白氏解释着说:“奴家猜,将军要炒茶,多半不会做成茶饼。”
花荣没说话,心里却着实有些吃惊。
白氏这份聪慧劲儿,当真让人不能小觑。
“既然不做茶饼,那么用铁铲或者木铲来炒都不合适,掌握不好力度,便会破了茶叶的卖相。”
还有更重要的一点,白氏没说。
用手炒,不仅能给茶叶塑形,还能随时感受锅底的温度,及时控制火候,恐怕这才是炒出一锅好茶的关键。
总归是第一次炒茶,虽小心控制着,第一锅茶叶还是过火炒焦了。
第二锅茶叶,白氏吸取了之前的教训。
如此炒到第七锅,白氏已经总结出规律。
只见她伸手在锅中压、抹、抖、托,原本舒展的茶叶收紧水分,拢成喜人的长条,自锅里散发出一股沁人的馨香。

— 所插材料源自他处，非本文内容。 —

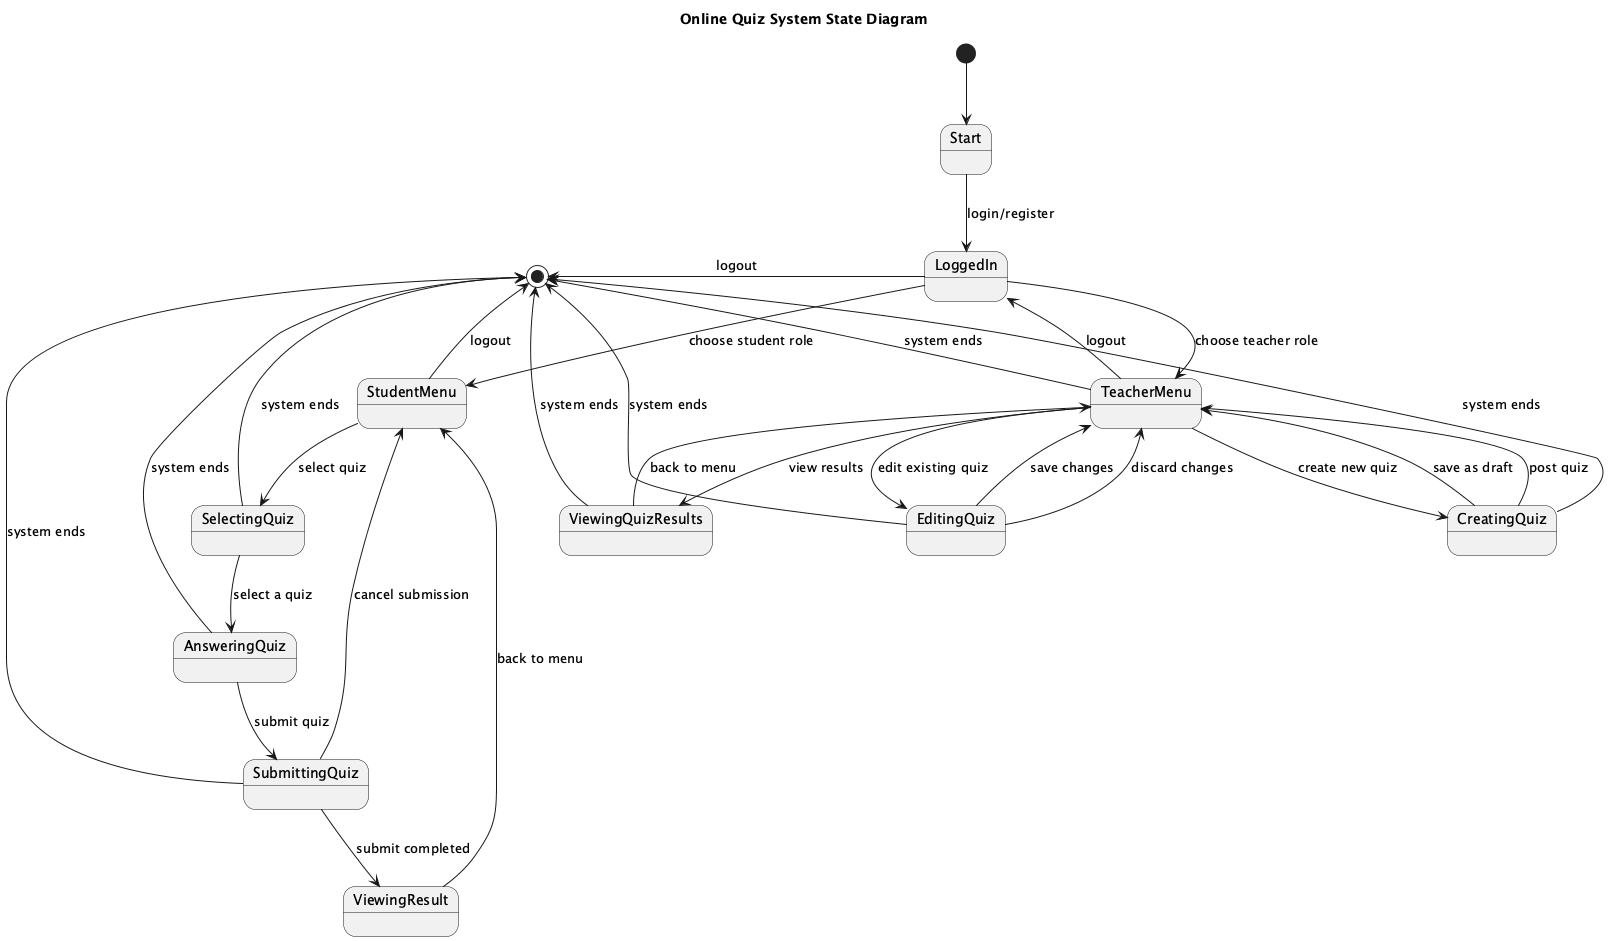

The diagram above was rendered by PlantUML. Its source (embedded in the PNG):
@startuml
title Online Quiz System State Diagram

[*] --> Start

state Start
state "LoggedIn" as LoggedIn
state "TeacherMenu" as TeacherMenu
state "StudentMenu" as StudentMenu
state "CreatingQuiz" as CreatingQuiz
state "EditingQuiz" as EditingQuiz
state "ViewingQuizResults" as ViewingResults
state "SelectingQuiz" as SelectingQuiz
state "AnsweringQuiz" as AnsweringQuiz
state "SubmittingQuiz" as SubmittingQuiz
state "ViewingResult" as ViewingResult

Start --> LoggedIn : login/register

LoggedIn --> TeacherMenu : choose teacher role
LoggedIn --> StudentMenu : choose student role

TeacherMenu --> CreatingQuiz : create new quiz
TeacherMenu --> EditingQuiz : edit existing quiz
TeacherMenu --> ViewingResults : view results
TeacherMenu --> LoggedIn : logout

CreatingQuiz --> TeacherMenu : save as draft
CreatingQuiz --> TeacherMenu : post quiz

EditingQuiz --> TeacherMenu : save changes
EditingQuiz --> TeacherMenu : discard changes

ViewingResults --> TeacherMenu : back to menu

StudentMenu --> SelectingQuiz : select quiz
StudentMenu --> [*] : logout

SelectingQuiz --> AnsweringQuiz : select a quiz

AnsweringQuiz --> SubmittingQuiz : submit quiz

SubmittingQuiz --> StudentMenu : cancel submission
SubmittingQuiz --> ViewingResult : submit completed

ViewingResult --> StudentMenu : back to menu

[*] <-- LoggedIn : logout
[*] <-- SubmittingQuiz : system ends
[*] <-- AnsweringQuiz : system ends
[*] <-- SelectingQuiz : system ends
[*] <-- ViewingResults : system ends
[*] <-- EditingQuiz : system ends
[*] <-- CreatingQuiz : system ends
[*] <-- TeacherMenu : system ends

@enduml

“夫人果然心灵手巧。”花荣赞了一句,就地取了不同的茶叶冲泡。
漫不经心的品着炒出来的茶,心思却没在这上面。
事到如今,如何处理白氏,成了一个头疼的问题。
白氏越是聪慧,就越让花荣忌惮。
白氏毕竟是刘高的妻子。
他跟刘高是敌非友,势同水火。
殊不知,白氏心中比他还忐忑。
茶叶的重要性,茶户出身的白氏一清二楚。
握着这样的秘密,白氏已经想到一个词:卸磨杀驴。
锅里的热浪烤在身上暖烘烘的,白氏却遍体生寒。
花荣嘴里“好茶”两个字还没落地,白氏便噗通一声跪下,泪眼婆娑。
崔氏连忙上去搀扶,不解道:“姐姐这是做什么?”
白氏却扯着崔氏的衣袖,哭得梨花带雨,哀求道:“妹妹救我!”
“姐姐先起来说话!”崔氏心软,却没有答应,抬头看向花荣,道:“大哥?”
白氏也随着她的目光,看向花荣,抹泪道:“今日之事,奴家必会守口如瓶,若违此誓,天打雷劈。”
花荣皱着眉,沉默不语。
好一会才没头没尾的问道:“听说白玉明被刘高打发回老家了?”
白氏不知道花荣葫芦里卖的什么药,磕头如捣蒜,应道:“玉明已经知道错了。”
“夫人不必如此,说起来花某和白指挥从前也只是些意气之争,算不得什么。恰巧花某在夫人老家还有几个得力的朋友,若是白指挥有什么难处......”
顿住一下,花荣眯眼笑道:“到底也共事一场,花某不会袖手旁观,夫人明白我的意思么?”
白氏木讷的抬起头,忘了哭,脸色煞白。